> [YOUR TASK] The lines needed are those below that contain the word "Outport"; copy each one.
RECORDED INFORMATION Start Marker
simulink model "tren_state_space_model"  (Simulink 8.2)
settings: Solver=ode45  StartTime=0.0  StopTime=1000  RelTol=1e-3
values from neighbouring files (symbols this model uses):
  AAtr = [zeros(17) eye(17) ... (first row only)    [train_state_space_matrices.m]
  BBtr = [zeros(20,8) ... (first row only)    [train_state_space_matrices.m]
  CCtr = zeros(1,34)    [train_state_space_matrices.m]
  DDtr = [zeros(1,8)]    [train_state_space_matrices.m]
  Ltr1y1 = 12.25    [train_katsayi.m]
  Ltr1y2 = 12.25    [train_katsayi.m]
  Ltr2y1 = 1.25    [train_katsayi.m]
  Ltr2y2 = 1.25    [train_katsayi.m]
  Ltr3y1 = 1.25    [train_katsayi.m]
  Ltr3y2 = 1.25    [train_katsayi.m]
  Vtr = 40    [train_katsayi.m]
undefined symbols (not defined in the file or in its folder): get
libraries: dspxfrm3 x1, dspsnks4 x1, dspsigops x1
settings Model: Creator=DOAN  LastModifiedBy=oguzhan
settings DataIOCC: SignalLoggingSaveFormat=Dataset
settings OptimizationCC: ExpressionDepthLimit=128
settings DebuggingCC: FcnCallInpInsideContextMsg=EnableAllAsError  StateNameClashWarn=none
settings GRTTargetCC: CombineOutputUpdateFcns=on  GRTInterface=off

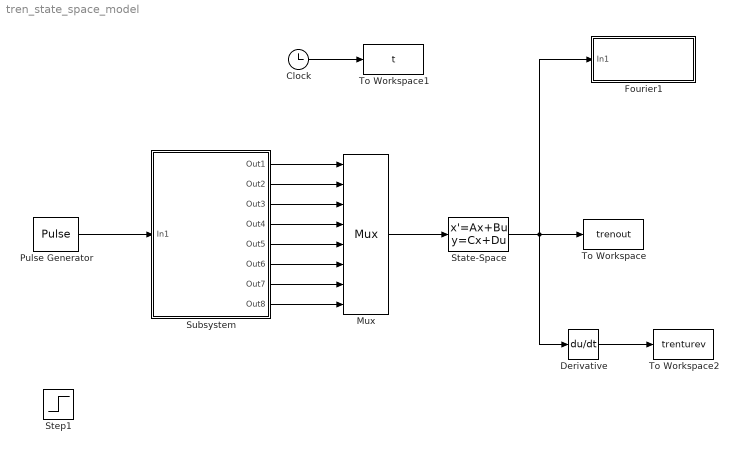
== system tren_state_space_model ==
  Clock : Clock
  Derivative : Derivative
  Fourier1 : Subsystem
  Mux : Mux  Inputs=8
  Pulse Generator : DiscretePulseGenerator  PulseType=Time based  Amplitude=-0.01  Period=0.5  PulseWidth=0.025
  State-Space : StateSpace  A=AAtr  B=BBtr  C=CCtr  D=DDtr  X0=0
  Step1 : Step  SampleTime=0
  Subsystem : Subsystem
  To Workspace : ToWorkspace  VariableName=trenout  SampleTime=-1
  To Workspace1 : ToWorkspace  VariableName=t  SampleTime=-1
  To Workspace2 : ToWorkspace  VariableName=trenturev  SampleTime=-1
  wires:
  Subsystem/1(Out1) -> Mux/1
  Subsystem/2(Out2) -> Mux/2
  Subsystem/3(Out3) -> Mux/3
  Subsystem/4(Out4) -> Mux/4
  Subsystem/5(Out5) -> Mux/5
  Subsystem/6(Out6) -> Mux/6
  Subsystem/7(Out7) -> Mux/7
  Subsystem/8(Out8) -> Mux/8
  Mux/1 -> State-Space/1
  State-Space/1 -> Fourier1/1(In1), Derivative/1, To Workspace/1
  Clock/1 -> To Workspace1/1
  Pulse Generator/1 -> Subsystem/1(In1)
  Derivative/1 -> To Workspace2/1

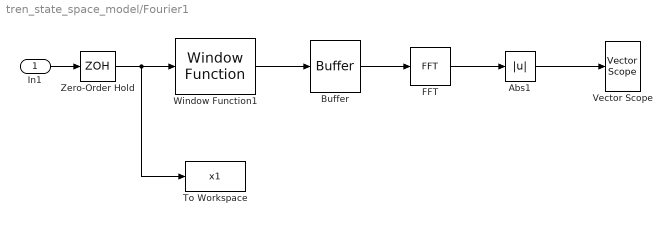
== system tren_state_space_model/Fourier1 ==
  In1 : Inport
  Abs1 : Abs
  Buffer : Buffer  N=2^10  TreatMby1Signals=One channel
  FFT : dspxfrm3/FFT  CompMethod=Table lookup  TableOpt=NEW  TableOptActive=Speed  BitRevOrder=off  InheritFFTLength=on  FFTLength=2048  RowConvenienceOn=on  FFTImplementation=FFTW  SkipNorm=on  firstCoeffDataTypeStr=Inherit: Same word length as input  firstCoeffLastDataTypeStr=Inherit: Same word length as input  outputMin=[]  outputMax=[]  roundingMode=Floor  overflowMode=off
  To Workspace : ToWorkspace  VariableName=x1  SampleTime=-1
  Vector Scope : dspsnks4/Vector Scope  ScopeProperties=on  Domain=Frequency  HorizSpan=1  DisplayProperties=off  AxisGrid=on  Memory=off  FrameNumber=on  AxisLegend=off  AxisZoom=off  OpenScopeAtSimStart=on  OpenScopeImmediately=off  FigPos=get(0,'defaultfigureposition')  AxisProperties=off  XUnits=rad/sec  XRange=[0...Fs/2]  InheritXIncr=on  XIncr=1  XLabel=Time  XLimit=Auto  XMin=0  XMax=300  XStart=0  YUnits=dB  YLabel=Amplitude  LineProperties=off  XAxisParamsVer=6.9
      settings: YMin=-100  YMax=-50
  Window Function1 : dspsigops/Window Function  winmode=Apply window to input  wintype=Hamming  sampmode=Continuous  samptime=1  N=64  Rs=50  beta=10  winsamp=Symmetric  UserWindow=hamming  OptParams=off  UserParams={'symmetric'}  RowConvenienceOn=on  dataType=double  isSigned=on  wordLen=16  udDataType=sfix(16)  fracBitsMode=Best precision  numFracBits=15  roundingMode=Floor  overflowMode=off  numSidelobes=4  sidelobeLevel=-30
  Zero-Order Hold : ZeroOrderHold  SampleTime=1/100
  wires:
  Abs1/1 -> Vector Scope/1
  Window Function1/1 -> Buffer/1
  Zero-Order Hold/1 -> Window Function1/1, To Workspace/1
  In1/1 -> Zero-Order Hold/1
  FFT/1 -> Abs1/1
  Buffer/1 -> FFT/1

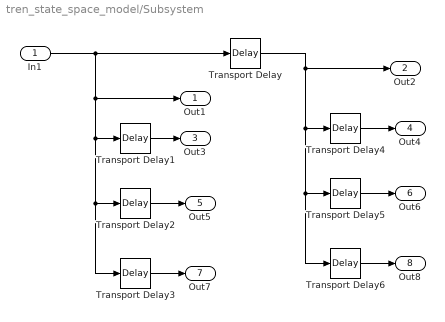
== system tren_state_space_model/Subsystem ==
  In1 : Inport
  Transport Delay : TransportDelay  DelayTime=0.001
  Transport Delay1 : TransportDelay  DelayTime=(Ltr2y1+Ltr2y2)/Vtr
  Transport Delay2 : TransportDelay  DelayTime=(Ltr2y1+Ltr1y1+Ltr1y2-Ltr3y1)/Vtr
  Transport Delay3 : TransportDelay  DelayTime=(Ltr2y1+Ltr1y1+Ltr1y2+Ltr3y2)/Vtr
  Transport Delay4 : TransportDelay  DelayTime=(Ltr2y1+Ltr2y2)/Vtr
  Transport Delay5 : TransportDelay  DelayTime=(Ltr2y1+Ltr1y1+Ltr1y2-Ltr3y1)/Vtr
  Transport Delay6 : TransportDelay  DelayTime=(Ltr2y1+Ltr1y1+Ltr1y2+Ltr3y2)/Vtr
  Out1 : Outport
  Out2 : Outport  Port=2
  Out3 : Outport  Port=3
  Out4 : Outport  Port=4
  Out5 : Outport  Port=5
  Out6 : Outport  Port=6
  Out7 : Outport  Port=7
  Out8 : Outport  Port=8
  wires:
  In1/1 -> Transport Delay/1, Out1/1, Transport Delay1/1, Transport Delay2/1, Transport Delay3/1
  Transport Delay/1 -> Out2/1, Transport Delay6/1, Transport Delay5/1, Transport Delay4/1
  Transport Delay1/1 -> Out3/1
  Transport Delay2/1 -> Out5/1
  Transport Delay3/1 -> Out7/1
  Transport Delay4/1 -> Out4/1
  Transport Delay5/1 -> Out6/1
  Transport Delay6/1 -> Out8/1
RECORDED INFORMATION End Marker
> [PROBLEM SOLUTION]
  Out1 : Outport
  Out2 : Outport  Port=2
  Out3 : Outport  Port=3
  Out4 : Outport  Port=4
  Out5 : Outport  Port=5
  Out6 : Outport  Port=6
  Out7 : Outport  Port=7
  Out8 : Outport  Port=8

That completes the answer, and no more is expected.